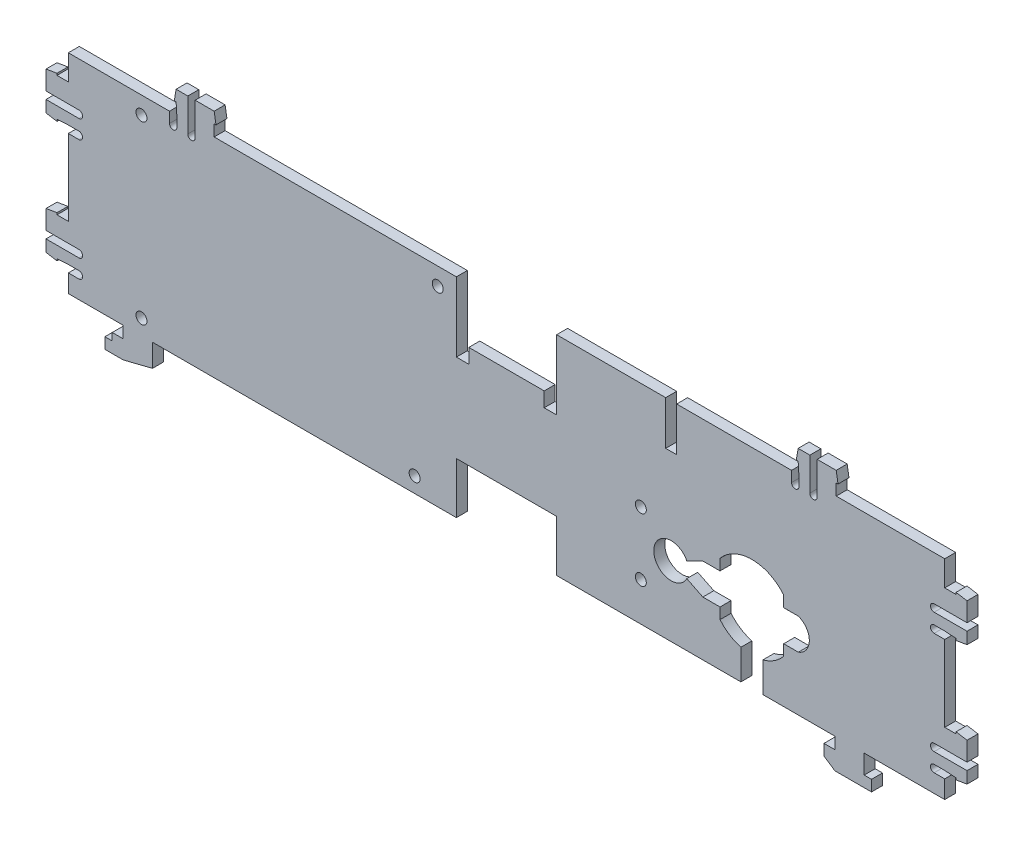
from build123d import *

# Parameters (mm, degrees)
BOSS_EXTRUDE1_DEPTH             = 3
MOTOR_SLOT_REACH                = 135.978
MOTOR_MOUNTING_HOLES_REACH      = 135.978
SKETCH3_R                       = 1.5
ARDUINO_MOUNTING_HOLES_REACH    = 135.978
SKETCH5_R                       = 1.5
FRONT_AND_BACK_PLATE_TABS_DEPTH = 3
FRONT_AND_BACK_TAB_RELIEF_REACH = 141.457
TOP_PLATE_TABS_DEPTH            = 3
TOP_PLATE_TAB_RELIEF_REACH      = 144.188
DRAWSTRING_HOOKS_DEPTH          = 3


with BuildPart() as part:
    # Sketch1 → Boss-Extrude1 (new body)
    with BuildSketch(Plane.XY):
        Polygon((-10.3, 41), (-10.3, 45), (10.3, 45), (10.3, 41), (13.7, 41), (13.7, 60), (43.5, 60), (43.5, 48), (46.5, 48), (46.5, 60), (119.754160418, 60), (119.754160418, 3), (97.754160418, 3), (97.754160418, -3.2), (86.754160418, -3.2), (86.754160418, -0.2), (89.754160418, -0.2), (89.754160418, 3), (13.7, 3), (13.7, 17), (-13.7, 17), (-13.7, 3), (-96.754160418, 3), (-96.754160418, -3.2), (-107.754160418, -3.2), (-107.754160418, -0.2), (-104.754160418, -0.2), (-104.754160418, 3), (-119.754160418, 3), (-119.754160418, 60), (-13.7, 60), (-13.7, 41), align=None)
    extrude(amount=BOSS_EXTRUDE1_DEPTH)

    # Sketch2 → motor slot (cut, up to next)
    with BuildSketch(Plane.XY.offset(3), mode=Mode.PRIVATE) as motor_slot_sk1:
        with BuildLine():
            Line((58.35608, 26.412223996), (53.65708, 26.412223996))
            Line((53.65708, 26.412223996), (49.261506693, 24.248108841))
            ThreePointArc((49.261506693, 24.248108841), (40.25, 22.15), (49.261506693, 20.051891159))
            Line((49.261506693, 20.051891159), (53.65708, 17.887776004))
            Line((53.65708, 17.887776004), (58.35608, 17.887776004))
            Line((58.35608, 17.887776004), (58.35608, 14.887776004))
            ThreePointArc((58.35608, 14.887776004), (60.923183972, 12.608701713), (64.05608, 11.205432351))
            Line((64.05608, 11.205432351), (64.05608, 3))
            Line((64.05608, 3), (70.05608, 3))
            Line((70.05608, 3), (70.05608, 11.205432351))
            ThreePointArc((70.05608, 11.205432351), (73.188976028, 12.608701713), (75.75608, 14.887776004))
            Line((75.75608, 14.887776004), (75.75608, 17.887776004))
            Line((75.75608, 17.887776004), (79.75608, 17.887776004))
            ThreePointArc((79.75608, 17.887776004), (82.75608, 22.15), (79.75608, 26.412223996))
            Line((79.75608, 26.412223996), (75.75608, 26.412223996))
            Line((75.75608, 26.412223996), (75.75608, 29.412223996))
            ThreePointArc((75.75608, 29.412223996), (67.05608, 33.5), (58.35608, 29.412223996))
            Line((58.35608, 29.412223996), (58.35608, 26.412223996))
        make_face()
    motor_slot_tool1 = extrude(motor_slot_sk1.sketch, amount=-MOTOR_SLOT_REACH, mode=Mode.PRIVATE) & part.part
    add(motor_slot_tool1.solids().sort_by_distance((64.026121, 20.923935, 3))[0], mode=Mode.SUBTRACT)

    # Sketch3 → motor mounting holes (cut, up to next)
    with BuildSketch(Plane.XY.offset(3), mode=Mode.PRIVATE) as motor_mounting_holes_sk1:
        with Locations((36.707897475, 13.55)):
            Circle(SKETCH3_R)
    motor_mounting_holes_tool1 = extrude(motor_mounting_holes_sk1.sketch, amount=-MOTOR_MOUNTING_HOLES_REACH, mode=Mode.PRIVATE) & part.part
    # Sketch3 → motor mounting holes (cut, up to next)
    with BuildSketch(Plane.XY.offset(3), mode=Mode.PRIVATE) as motor_mounting_holes_sk2:
        with Locations((36.707897475, 30.75)):
            Circle(SKETCH3_R)
    motor_mounting_holes_tool2 = extrude(motor_mounting_holes_sk2.sketch, amount=-MOTOR_MOUNTING_HOLES_REACH, mode=Mode.PRIVATE) & part.part
    add(motor_mounting_holes_tool1.solids().sort_by_distance((36.707897, 13.55, 3))[0], mode=Mode.SUBTRACT)
    add(motor_mounting_holes_tool2.solids().sort_by_distance((36.707897, 30.75, 3))[0], mode=Mode.SUBTRACT)

    # Sketch5 → Arduino mounting holes (cut, up to next)
    with BuildSketch(Plane(origin=(0, 0, 0), x_dir=(-1, 0, 0), z_dir=(0, 0, -1)), mode=Mode.PRIVATE) as arduino_mounting_holes_sk1:
        with Locations((25.104488458, 7.197745238)):
            Circle(SKETCH5_R)
    arduino_mounting_holes_tool1 = extrude(arduino_mounting_holes_sk1.sketch, amount=-ARDUINO_MOUNTING_HOLES_REACH, mode=Mode.PRIVATE) & part.part
    # Sketch5 → Arduino mounting holes (cut, up to next)
    with BuildSketch(Plane(origin=(0, 0, 0), x_dir=(-1, 0, 0), z_dir=(0, 0, -1)), mode=Mode.PRIVATE) as arduino_mounting_holes_sk2:
        with Locations((99.768438844, 7.197745238)):
            Circle(SKETCH5_R)
    arduino_mounting_holes_tool2 = extrude(arduino_mounting_holes_sk2.sketch, amount=-ARDUINO_MOUNTING_HOLES_REACH, mode=Mode.PRIVATE) & part.part
    # Sketch5 → Arduino mounting holes (cut, up to next)
    with BuildSketch(Plane(origin=(0, 0, 0), x_dir=(-1, 0, 0), z_dir=(0, 0, -1)), mode=Mode.PRIVATE) as arduino_mounting_holes_sk3:
        with Locations((99.768438844, 55.228881858)):
            Circle(SKETCH5_R)
    arduino_mounting_holes_tool3 = extrude(arduino_mounting_holes_sk3.sketch, amount=-ARDUINO_MOUNTING_HOLES_REACH, mode=Mode.PRIVATE) & part.part
    # Sketch5 → Arduino mounting holes (cut, up to next)
    with BuildSketch(Plane(origin=(0, 0, 0), x_dir=(-1, 0, 0), z_dir=(0, 0, -1)), mode=Mode.PRIVATE) as arduino_mounting_holes_sk4:
        with Locations((18.797071777, 55.228881858)):
            Circle(SKETCH5_R)
    arduino_mounting_holes_tool4 = extrude(arduino_mounting_holes_sk4.sketch, amount=-ARDUINO_MOUNTING_HOLES_REACH, mode=Mode.PRIVATE) & part.part
    add(arduino_mounting_holes_tool1.solids().sort_by_distance((-25.104488, 7.197745, 0))[0], mode=Mode.SUBTRACT)
    add(arduino_mounting_holes_tool2.solids().sort_by_distance((-99.768439, 7.197745, 0))[0], mode=Mode.SUBTRACT)
    add(arduino_mounting_holes_tool3.solids().sort_by_distance((-99.768439, 55.228882, 0))[0], mode=Mode.SUBTRACT)
    add(arduino_mounting_holes_tool4.solids().sort_by_distance((-18.797072, 55.228882, 0))[0], mode=Mode.SUBTRACT)

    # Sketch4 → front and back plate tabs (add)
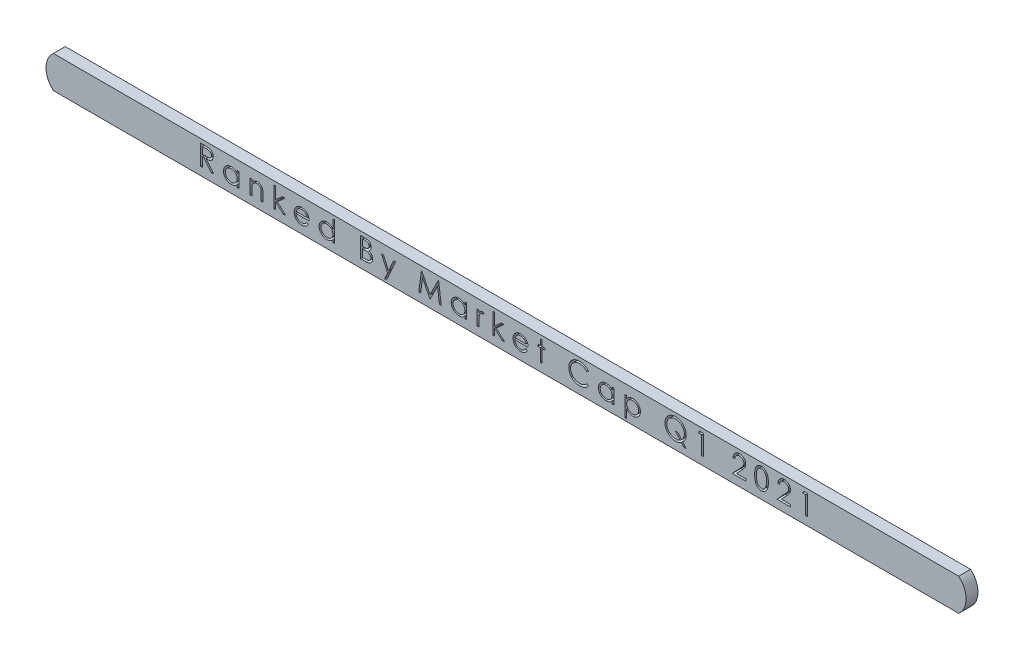
from build123d import *

# Parameters (mm, degrees)
BOSS_EXTRUDE1_DEPTH = 1.4
CUT_EXTRUDE1_DEPTH  = 1


with BuildPart() as part:
    # Sketch1 → Boss-Extrude1 (new body)
    with BuildSketch(Plane.XY):
        with BuildLine():
            Line((-52.495327103, -0.707009346), (54.304672897, -0.707009346))
            ThreePointArc((54.304672897, -0.707009346), (55.179865216, -2.607009346), (54.304672897, -4.507009346))
            Line((54.304672897, -4.507009346), (-52.495327103, -4.507009346))
            ThreePointArc((-52.495327103, -4.507009346), (-53.370519422, -2.607009346), (-52.495327103, -0.707009346))
        make_face()
    extrude(amount=BOSS_EXTRUDE1_DEPTH)

    # Sketch2 → Cut-Extrude1 (cut)
    # profile 1 of 23: a face of its own
    with BuildSketch(Plane.XY.offset(1.4)):
        Polygon((36.012178156, -1.175759346), (36.452461359, -1.175759346), (36.452461359, -3.557009346), (36.238759436, -3.557009346), (36.238759436, -1.419990115), (35.872413282, -1.419990115), align=None)
    # profile 2 of 23: a face of its own
    with BuildSketch(Plane.XY.offset(1.4)):
        with BuildLine():
            Line((33.173663282, -1.908451653), (32.959961359, -1.908451653))
            add(Edge.make_bspline(
                [(32.959961359, -1.908451653), (32.961354154, -1.880100567), (32.964089567, -1.824419789), (32.976899528, -1.743236917), (32.995228946, -1.66563892), (33.021144739, -1.592248853), (33.053329903, -1.522417808), (33.091926582, -1.456423154), (33.137642398, -1.394516649), (33.189490194, -1.337272186), (33.245802429, -1.284757071), (33.306562363, -1.2394077), (33.370410497, -1.20109157), (33.437153124, -1.169059511), (33.507543257, -1.145015794), (33.58094213, -1.127175715), (33.657672221, -1.116442165), (33.709950879, -1.115288425), (33.736538883, -1.114701653)],
                knots=[0, 0, 0, 0, 1.10065271, 2.161652631, 3.183658789, 4.190468796, 5.17591951, 6.163126047, 7.15150782, 8.156236427, 9.156009102, 10.134482811, 11.092018607, 12.041330605, 13.001268258, 13.972401359, 14.968799086, 16, 16, 16, 16], degree=3))
            add(Edge.make_bspline(
                [(33.736538883, -1.114701653), (33.76264968, -1.115312925), (33.813956463, -1.116514051), (33.88883794, -1.126828965), (33.960123921, -1.142984448), (34.027675062, -1.16565083), (34.090952403, -1.196120235), (34.150431295, -1.232721775), (34.206819847, -1.275053481), (34.257579105, -1.324892237), (34.304189066, -1.378097787), (34.344399708, -1.434899379), (34.378834735, -1.493566089), (34.407537424, -1.554545277), (34.42866669, -1.618411101), (34.444708292, -1.684233752), (34.453775694, -1.752694561), (34.455167312, -1.799031342), (34.45587482, -1.822589274)],
                knots=[0, 0, 0, 0, 1.111607364, 2.184268762, 3.212621178, 4.221274766, 5.211760367, 6.196651075, 7.1921475, 8.207485113, 9.220403448, 10.201281604, 11.166441695, 12.114753415, 13.065576456, 14.026450734, 14.996634279, 16, 16, 16, 16], degree=3))
            add(Edge.make_bspline(
                [(34.45587482, -1.822589274), (34.454722797, -1.855755211), (34.452438966, -1.921505071), (34.432902935, -2.018125897), (34.402391291, -2.111738563), (34.365653803, -2.187079477), (34.328593087, -2.247790122), (34.295196051, -2.29777508), (34.256099456, -2.35159505), (34.210734264, -2.40906981), (34.160038899, -2.470649551), (34.103554177, -2.536297073), (34.040877308, -2.605334116), (33.996886435, -2.652486677), (33.974091467, -2.676919953)],
                knots=[0, 0, 0, 0, 1.184426356, 2.348067706, 3.509069118, 4.696110526, 5.333549288, 6.050745305, 6.844228056, 7.710549037, 8.667450064, 9.695053472, 10.805634456, 12, 12, 12, 12], degree=3))
            Line((33.974091467, -2.676919953), (33.378301954, -3.312778577))
            Line((33.378301954, -3.312778577), (34.486403666, -3.312778577))
            Line((34.486403666, -3.312778577), (34.486403666, -3.557009346))
            Line((34.486403666, -3.557009346), (32.86837482, -3.557009346))
            Line((32.86837482, -3.557009346), (33.791872416, -2.571500031))
            add(Edge.make_bspline(
                [(33.791872416, -2.571500031), (33.814356782, -2.548028862), (33.857544648, -2.502945549), (33.918628865, -2.437125785), (33.973492177, -2.376064044), (34.022489724, -2.319875696), (34.064558591, -2.267738861), (34.101891306, -2.221342108), (34.13180361, -2.178646669), (34.16426712, -2.129157073), (34.195709133, -2.068732978), (34.222727718, -1.994891308), (34.239202463, -1.918876873), (34.241178788, -1.867508523), (34.242172897, -1.841669803)],
                knots=[0, 0, 0, 0, 1.329631726, 2.553950428, 3.673215718, 4.687767853, 5.603093632, 6.413772471, 7.123043292, 7.734684054, 8.834405432, 9.900288307, 10.943827018, 12, 12, 12, 12], degree=3))
            add(Edge.make_bspline(
                [(34.242172897, -1.841669803), (34.241740365, -1.825421923), (34.240887928, -1.793400471), (34.233364745, -1.74645191), (34.221995633, -1.701164064), (34.205704305, -1.657397628), (34.184200434, -1.61559264), (34.158024795, -1.575698211), (34.127823698, -1.537129469), (34.092886495, -1.500966243), (34.054506515, -1.467845637), (34.013961142, -1.438505857), (33.971064553, -1.413986391), (33.925997613, -1.393886262), (33.878885963, -1.378118726), (33.829638484, -1.367193156), (33.778391252, -1.360333466), (33.743398106, -1.359405342), (33.725567579, -1.358932423)],
                knots=[0, 0, 0, 0, 0.991446411, 1.95395049, 2.89581595, 3.838931463, 4.798493298, 5.75982156, 6.748411868, 7.785213223, 8.824556874, 9.840280684, 10.836137867, 11.835679398, 12.848801643, 13.863922112, 14.911575587, 16, 16, 16, 16], degree=3))
            add(Edge.make_bspline(
                [(33.725567579, -1.358932423), (33.706945637, -1.3594189), (33.670375219, -1.360374261), (33.616682091, -1.367057181), (33.565460874, -1.378586404), (33.516582723, -1.39435482), (33.469964933, -1.414397154), (33.425834217, -1.439360645), (33.384289644, -1.469149057), (33.345253117, -1.502922364), (33.309286731, -1.540524072), (33.277686267, -1.58244085), (33.250074643, -1.627907359), (33.225983719, -1.67680092), (33.206419579, -1.729565188), (33.19146999, -1.786012858), (33.179640724, -1.845898834), (33.175688856, -1.887254401), (33.173663282, -1.908451653)],
                knots=[0, 0, 0, 0, 1.031018746, 2.02475058, 2.990194455, 3.934040569, 4.864654155, 5.795059489, 6.735614925, 7.690564532, 8.649604399, 9.611025574, 10.590972636, 11.591080095, 12.624614302, 13.701020113, 14.821632451, 16, 16, 16, 16], degree=3))
        make_face()
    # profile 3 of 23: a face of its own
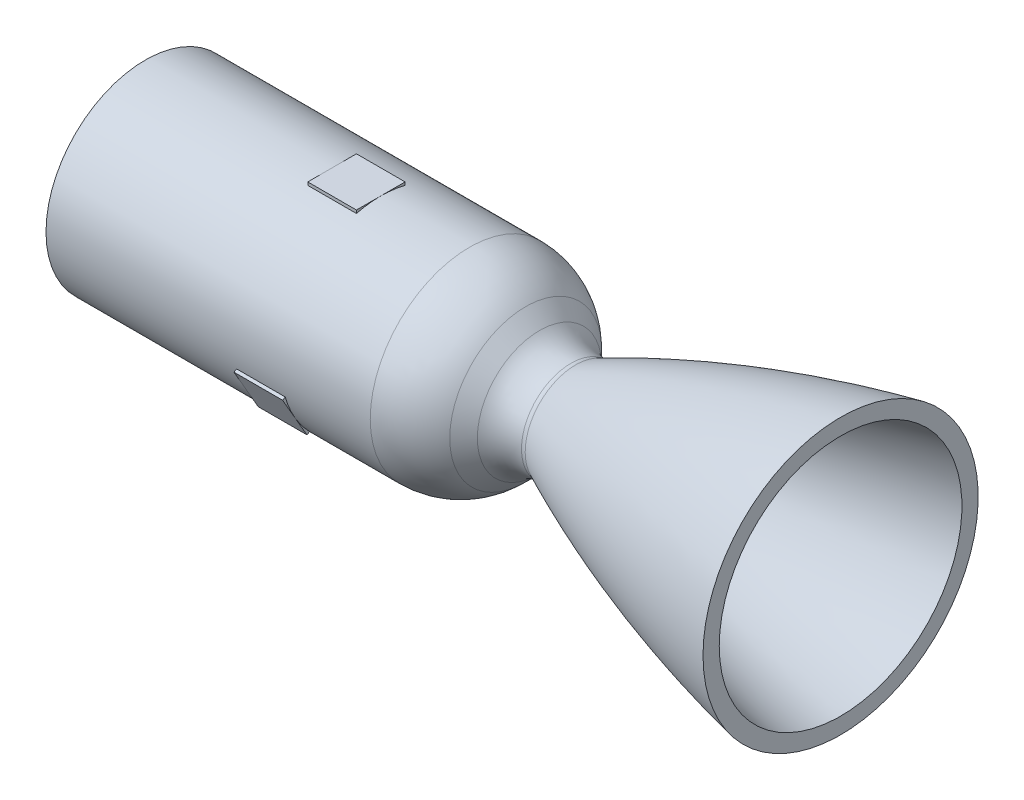
from build123d import *

# Parameters (mm, degrees)
BOSS_EXTRUDE1_START = -1.185383
SKETCH2_W           = 19.05
SKETCH2_H           = 19.05
BOSS_EXTRUDE1_DEPTH = 1.185383
CIRPATTERN1_COUNT   = 3


with BuildPart() as part:
    # Sketch1 → Revolve1 (revolve)
    with BuildSketch(Plane.XY, mode=Mode.PRIVATE) as revolve1_sk:
        with BuildLine():
            Line((-14.12409666, 4.594554961), (-19.526618742, 9.997077044))
            ThreePointArc((-19.526618742, 9.997077044), (-29.623523347, 16.74361301), (-41.533634393, 19.112681394))
            Line((-41.533634393, 19.112681394), (-168.447274393, 19.112681394))
            Line((-168.447274393, 19.112681394), (-168.447274393, 25.462681394))
            Line((-168.447274393, 25.462681394), (-41.533634392, 25.462681394))
            ThreePointArc((-41.533634392, 25.462681394), (-29.623523346, 23.09361301), (-19.526618741, 16.347077044))
            Line((-19.526618741, 16.347077044), (-14.124096659, 10.944554962))
            ThreePointArc((-14.124096659, 10.944554962), (-8.491312805, 7.221332923), (-1.862483701, 5.937097346))
            ThreePointArc((-1.862483701, 5.937097346), (-0.908631777, 6.041561122), (-5.2e-08, 6.350000031))
            add(Edge.make_bspline(
                [(-5.2e-08, 6.350000031), (17.284276617, 14.409337901), (34.568553286, 21.376197316), (51.852829955, 27.377015197), (69.137106624, 32.507005795), (86.421383293, 36.843575686), (103.705659962, 40.451419137)],
                knots=[0.079490439, 0.079490439, 0.079490439, 0.079490439, 0.079490439, 0.079490439, 0.079490439, 0.916317313, 0.916317313, 0.916317313, 0.916317313, 0.916317313, 0.916317313, 0.916317313], degree=6))
            Line((103.705659962, 40.451419137), (103.705659962, 34.101419137))
            add(Edge.make_bspline(
                [(-5.3e-08, 3e-08), (17.284276616, 8.059337901), (34.568553285, 15.026197315), (51.852829954, 21.027015196), (69.137106623, 26.157005795), (86.421383292, 30.493575686), (103.705659962, 34.101419137)],
                knots=[0.079490439, 0.079490439, 0.079490439, 0.079490439, 0.079490439, 0.079490439, 0.079490439, 0.916317313, 0.916317313, 0.916317313, 0.916317313, 0.916317313, 0.916317313, 0.916317313], degree=6))
            ThreePointArc((-5.3e-08, 3e-08), (-0.908631778, -0.308438879), (-1.862483702, -0.412902654))
            ThreePointArc((-1.862483702, -0.412902654), (-8.491312805, 0.871332923), (-14.12409666, 4.594554961))
        make_face()
    revolve(revolve1_sk.sketch.rotate(Axis((-168.447274484, -13.3985, 0), (1, 0, 0)), 90), axis=Axis((-168.447274484, -13.3985, 0), (1, 0, 0)))

    # Sketch2 → Boss-Extrude1 (add)
    with BuildSketch(Plane(origin=(0, 25.462681394, 0), x_dir=(1, 0, 0), z_dir=(0, 1, 0)).offset(BOSS_EXTRUDE1_START)):
        with Locations((-85.799287115, 0)):
            Rectangle(SKETCH2_W, SKETCH2_H)
    boss_extrude1 = extrude(amount=BOSS_EXTRUDE1_DEPTH)

    # CirPattern1: Boss-Extrude1 ×3 about axis
    cirpattern1_axis = Axis((0, -13.3985, 0), (1, 0, 0))
    for i in range(1, CIRPATTERN1_COUNT):
        add(boss_extrude1.rotate(cirpattern1_axis, i * 360 / CIRPATTERN1_COUNT))


solid = part.part
- - - -
_YOUR OBJECTIVE_.
From the records above, quote only the lines running from the line with "Line((75.75608, 14.887776004), (75.75608, 17.887776004))" to the line with "Line((75.75608, 26.412223996), (75.75608, 29.412223996))", both lines included.

_TASK RESULT_.
            Line((75.75608, 14.887776004), (75.75608, 17.887776004))
            Line((75.75608, 17.887776004), (79.75608, 17.887776004))
            ThreePointArc((79.75608, 17.887776004), (82.75608, 22.15), (79.75608, 26.412223996))
            Line((79.75608, 26.412223996), (75.75608, 26.412223996))
            Line((75.75608, 26.412223996), (75.75608, 29.412223996))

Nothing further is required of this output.